Question

Determine the convergence of the given series. State the test used; more than one test may be appropriate. $$\sum_{n=1}^{\infty} \frac{n^{3}}{(\ln n)^{n}}$$

Short answer

The series converges by the Ratio Test.

Step-by-step solution

Recognize the form of the series

Examine the given series: \( \sum_{n=1}^{\infty} \frac{n^{3}}{(\ln n)^n} \). Notice that it involves both a polynomial in the numerator and a logarithmic function raised to the power of \( n \) in the denominator.

Determine the suitability of the Ratio Test

For series like this, the Ratio Test can be very effective. The Ratio Test involves examining the limit of \( \left| \frac{a_{n+1}}{a_n} \right| \) as \( n \to \infty \), where \( a_n = \frac{n^3}{(\ln n)^n} \).

Calculate the Ratio of Consecutive Terms

Calculate \( a_{n+1} = \frac{(n+1)^3}{(\ln(n+1))^{n+1}} \) and find \( \left| \frac{a_{n+1}}{a_n} \right| \) which simplifies to \( \frac{(n+1)^3}{n^3} \cdot \frac{(\ln n)^n}{(\ln(n+1))^{n+1}} \).

Simplify the Expression for the Ratio

Begin by simplifying \( \frac{(n+1)^3}{n^3} \approx 1 + \frac{3}{n} \) for large \( n \). Then explore \( \frac{(\ln n)^n}{(\ln(n+1))^{n+1}} \approx (\frac{\ln n}{\ln(n+1)})^n \cdot \frac{1}{\ln(n+1)} \).

Find the Limit of the Ratio

As \( n \to \infty \), \( \frac{\ln n}{\ln(n+1)} \to 1 \), making the exponential \( (\frac{\ln n}{\ln(n+1)})^n \to e^{-1} \), and \( \frac{1}{\ln(n+1)} \approx \frac{1}{\ln n} \). The entire expression \( \left| \frac{a_{n+1}}{a_n} \right| \to 0 \).

Applying the Ratio Test Conclusion

Since the limit \( \lim_{n \to \infty} \left| \frac{a_{n+1}}{a_n} \right| = 0 \) exists and is less than 1, the series \( \sum_{n=1}^{\infty} \frac{n^3}{(\ln n)^n} \) converges absolutely by the Ratio Test.

Key concepts

Ratio Test

The Ratio Test is a powerful method used to determine whether an infinite series converges or not. This test involves taking the limit of the absolute value of the ratio of successive terms in the series. If you have a series \( \sum a_n \), you calculate \( \lim_{n \to \infty} \left| \frac{a_{n+1}}{a_n} \right| \).

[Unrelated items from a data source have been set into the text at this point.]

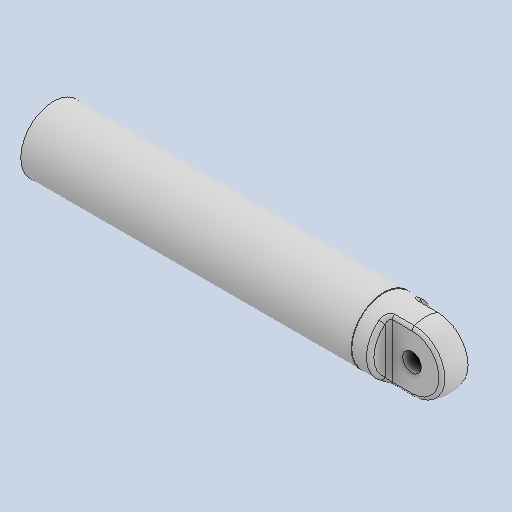
# Autodesk Inventor part: ANT-38-Shaft
Saved by Autodesk Inventor 2025.2 (Build 292293000, 293)
## iProperties
Created: 2026-01-25
Part Number: ANT-38-Shaft
Material: Generic
Document SubType Name: Modeling
Designer: LattePanda
Density: 1 g/cm^3
Appearance: Default
Author: LattePanda
Autodesk Inventor part; units mm, degrees
sketch "Body" plane through (0, 0, 0) normal (0, 1, 0) x (-1, 0, 0)
  circle A0 centre (0, 0) radius 5
  circle A1 centre (0, 0) radius 17.5
  line L0 (0, -17.5) -> (200, -17.5)
  line L1 (200, -17.5) -> (200, 17.5)
  line L2 (200, 17.5) -> (0, 17.5)
  line L3 (0, 17.5) -> (0, -17.5)
  line L4 (243.5, 0) -> (-61, 0) construction
  line L5 (0, -24.5) -> (0, 24.5) construction
  line L6 (-17.5, 0) -> (200, 0)
  point P0 (0, 0)
  dimension "d0" = 10
  dimension "d1" = 35
  dimension "d2" = 35
  dimension "d3" = 200
  constraints: 10 end point, 3 point on line, 2 centre point, 2 coincident, 2 midpoint, 2 parallel, 2 point on circle, 1 horizontal, 1 perpendicular
  measures "d0" diameter of A0
  measures "d1" diameter of A1
  measures "d2" distance of L2.end L0.start
  measures "d3" distance between parallel lines of L1 L3
revolve "BodyFeature" add sketch "Body" angle 360 about axis through (17.5, 0, 0) along (-1, 0, 0) picked at (13.1453, -1.6689) picked at (1.7623, -2.8047) picked at (-1.6689, -13.1453) picked at (-0.3709, -3.2915) contours L6 A1 L3 A0 | A0 L3 L6 | L3 A1 L6 A0 | A0 L6 L3 | L6 L1 L0 A1
ref_plane "Work Plane1" through (0, 0, -7.5) normal (0, 0, 1) x (1, 0, 0)
ref_plane "Work Plane2" through (0, 0, 7.5) normal (0, 0, 1) x (1, 0, 0)
sketch "Sketch2" plane through (0, 0, -7.5) normal (0, 0, 1) x (1, 0, 0)
  arc A0 (0, -17.5) -> (0, 17.5) centre (0, 0) ccw projected
  arc A1 (0, -17.5) -> (0, 17.5) centre (0, 0) ccw
  line L0 (0, -17.5) -> (0, -17.5) construction
  line L1 (0, 17.5) -> (0, -17.5) construction
  line L2 (0, -17.5) -> (-12.5, -17.5)
  line L3 (-12.5, -17.5) -> (-12.5, 17.5)
  line L4 (-12.5, 17.5) -> (0, 17.5)
  line L5 (-12.5, 17.5) -> (-12.5, -17.5)
  dimension "d8" = 12.5
  constraints: 10 end point, 2 point on circle, 1 centre point, 1 collinear, 1 concentric, 1 horizontal, 1 parallel, 1 perpendicular, 1 point on line
  measures "d8" distance between parallel lines of L1 L3
extrude "Extrusion1" cut sketch "Sketch2" against normal through all
mirror "Mirror1" about plane through (0, 0, 0) normal (0, 0, 1) of "Extrusion1"
sketch "Sketch3" plane through (0, 0, -7.5) normal (0, 0, -1) x (-1, 0, 0)
  circle A0 centre (0, 0) radius 5
  dimension "d11" = 10
  constraints: 1 centre point, 1 coincident
  measures "d11" diameter of A0
extrude "Extrusion2" cut sketch "Sketch3" against normal through all
fillet "Fillet2" radius 2 2 edges at (-12.5, 0, -7.5) (-12.5, 0, 7.5)
ref_plane "Work Plane5" through (-22.5, 0, 0) normal (1, 0, 0) x (0, 0, -1)
sketch "Sketch6" plane through (-22.5, 0, 0) normal (1, 0, 0) x (0, 0, -1)
  circle A0 centre (0, 0) radius 17.5 projected
  circle A1 centre (0, 0) radius 17.25
  point P0 (0, 0)
  dimension "d28" = 0.25
  constraints: 1 centre point
  measures "d28" radial gap between concentric circles of A0 A1
extrude "Extrusion5" cut sketch "Sketch6" along normal mid plane 0.25
fillet "Fillet3" radius 2 12 edges at (-12.5, 0, 17.5) (15.8114, 0, 7.5) (-5.25, -15.8114, 7.5) (-5.25, 15.8114, 7.5) (-5.25, 15.8114, -7.5) (-11.8919, 15.5314, -8.0638) (-12.5, -8.3666, -15.3704) (-12.5, 8.3666, -15.3704) (-11.8919, -15.5314, -8.0638) (-5.25, -15.8114, -7.5) (11.1803, 11.1803, -7.5) (11.1803, -11.1803, -7.5)
body "Solid1"
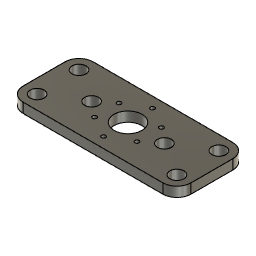
ex38 (Autodesk Fusion 360 design; units mm, degrees)
Autodesk Fusion 360 part; units mm, degrees
sketch "Sketch1" plane through (0, 0, 0) normal (0, 0, 1) x (1, 0, 0)
  line L0 (50, -25) -> (-50, -25)
  line L1 (-60, -15) -> (-60, 15)
  line L2 (-50, 25) -> (50, 25)
  line L3 (60, 15) -> (60, -15)
  arc A0 (60, 15) -> (50, 25) centre (50, 15) ccw
  arc A1 (50, -25) -> (60, -15) centre (50, -15) ccw
  arc A2 (-50, 25) -> (-60, 15) centre (-50, 15) ccw
  arc A3 (-60, -15) -> (-50, -25) centre (-50, -15) ccw
  circle A4 centre (0, 0) radius 10
  circle A5 centre (0, 17.5) radius 1.5
  circle A6 centre (-15.1554, 8.75) radius 1.5
  circle A7 centre (-15.1554, -8.75) radius 1.5
  circle A8 centre (0, -17.5) radius 1.5
  circle A9 centre (15.1554, -8.75) radius 1.5
  circle A10 centre (15.1554, 8.75) radius 1.5
  circle A11 centre (50, 15) radius 5
  circle A12 centre (50, -15) radius 5
  circle A13 centre (-50, -15) radius 5
  circle A14 centre (-50, 15) radius 5
  circle A15 centre (-26, 0) radius 5
  circle A16 centre (26, 0) radius 5
  arc A17 (-14.3505, -10.0157) -> (-1.4986, -17.4357) centre (0, 0) ccw
  arc A18 (1.4986, -17.4357) -> (14.3505, -10.0157) centre (0, 0) ccw
  arc A19 (15.8491, -7.42) -> (15.8491, 7.42) centre (0, 0) ccw
  arc A20 (14.3505, 10.0157) -> (1.4986, 17.4357) centre (0, 0) ccw
  arc A21 (-1.4986, 17.4357) -> (-14.3505, 10.0157) centre (0, 0) ccw
  arc A22 (-15.8491, 7.42) -> (-15.8491, -7.42) centre (0, 0) ccw
  dimension "d3" = 10
  dimension "d4" = 10
  dimension "d5" = 10
  dimension "d6" = 10
  dimension "d7" = 20
  dimension "d8" = 35
  dimension "d9" = 3
  dimension "d11" = 360
  dimension "d12" = 10
  dimension "d13" = 10
  dimension "d14" = 10
  dimension "d15" = 10
  dimension "d16" = 26
  dimension "d17" = 10
  dimension "d18" = 26
  dimension "d19" = 10
  constraint horizontal L0
  constraint perpendicular L0 L1
  constraint parallel L0 L2
  constraint parallel L1 L3
  constraint coincident A4.centre A17.centre
  constraint tangent L3 A0
  constraint tangent L2 A0
  constraint tangent L3 A1
  constraint tangent L0 A1
  constraint tangent L1 A2
  constraint tangent L2 A2
  constraint tangent L1 A3
  constraint tangent L0 A3
  constraint coincident A5.centre A17
  constraint concentric A0 A11
  constraint concentric A1 A12
  constraint concentric A3 A13
  constraint concentric A2 A14
  constraint coincident A7 A22.end
  constraint coincident A7 A17.start
  constraint coincident A8 A17.end
  constraint coincident A8 A18.start
  constraint concentric A17 A18
  constraint coincident A9 A18.end
  constraint coincident A9 A19.start
  constraint concentric A18 A19
  constraint coincident A10 A19.end
  constraint coincident A10 A20.start
  constraint concentric A19 A20
  constraint coincident A5 A20.end
  constraint coincident A5 A21.start
  constraint concentric A20 A21
  constraint coincident A6 A21.end
  constraint coincident A6 A22.start
  constraint concentric A21 A22
  measures "d3" radius of A0
  measures "d4" radius of A1
  measures "d5" radius of A2
  measures "d6" radius of A3
  measures "d7" diameter of A4
  measures "d8" diameter of A17
  measures "d9" diameter of A5
  measures "d12" diameter of A11
  measures "d13" diameter of A12
  measures "d14" diameter of A13
  measures "d15" diameter of A14
  measures "d16" distance of A4.centre A15.centre
  measures "d17" diameter of A15
  measures "d18" distance of A4.centre A16.centre
  measures "d19" diameter of A16
extrude "Extrude1" add sketch "Sketch1" along normal blind 7 contours L0 L1 L2 L3 A0 A1 A2 A3 | A5 A6 A7 A8 A9 A10 A17 A18 A19 A20 A21 A22

• If the result is less than 1, the series converges absolutely.
• If it is greater than 1 or infinity, the series diverges.
• If the result is exactly 1, the test is inconclusive.

This test is particularly effective for series where each term is a product of factorial, exponentials, or powers. By reducing the problem to simpler calculations and comparisons, the Ratio Test provides a clear indication of convergence or divergence.

Convergent Series

A convergent series is an infinite series whose terms approach a limited sum as more and more terms are added. In other words, given a series \( \sum_{n=1}^{\infty} a_n \), it is convergent if the sum \( S = a_1 + a_2 + a_3 + \dots \) approaches a finite limit as the number of terms goes to infinity.
Convergence is an important property, as it means the series effectively settles down to a stable value, unlike divergent series which escape to infinity. For example, convergent series are key in representing functions or in approximating values in mathematical analysis.
Different tests, like the Ratio Test, the Root Test, or the Integral Test, can be used to determine the convergence of a series. Understanding when and how to use these tests can critically enhance one's ability in resolving series problems.

Infinite Series

An infinite series is a sum of infinitely many terms, written in the form \( S = a_1 + a_2 + a_3 + \ldots \). Such series are fundamental in mathematics, particularly in calculus and analysis.
Many phenomena in physics and engineering rely on infinite series to model complex systems and behaviors.
Examples include:

• Geometric series, such as \( \sum_{n=0}^{\infty} ar^n \), where \( |r| < 1 \) ensures convergence.
• The harmonic series \( \sum_{n=1}^{\infty} \frac{1}{n} \), known for its divergence despite each term decreasing.

Understanding the behavior of infinite series, and knowing when they converge or diverge, is crucial for applied sciences and theoretical mathematics alike.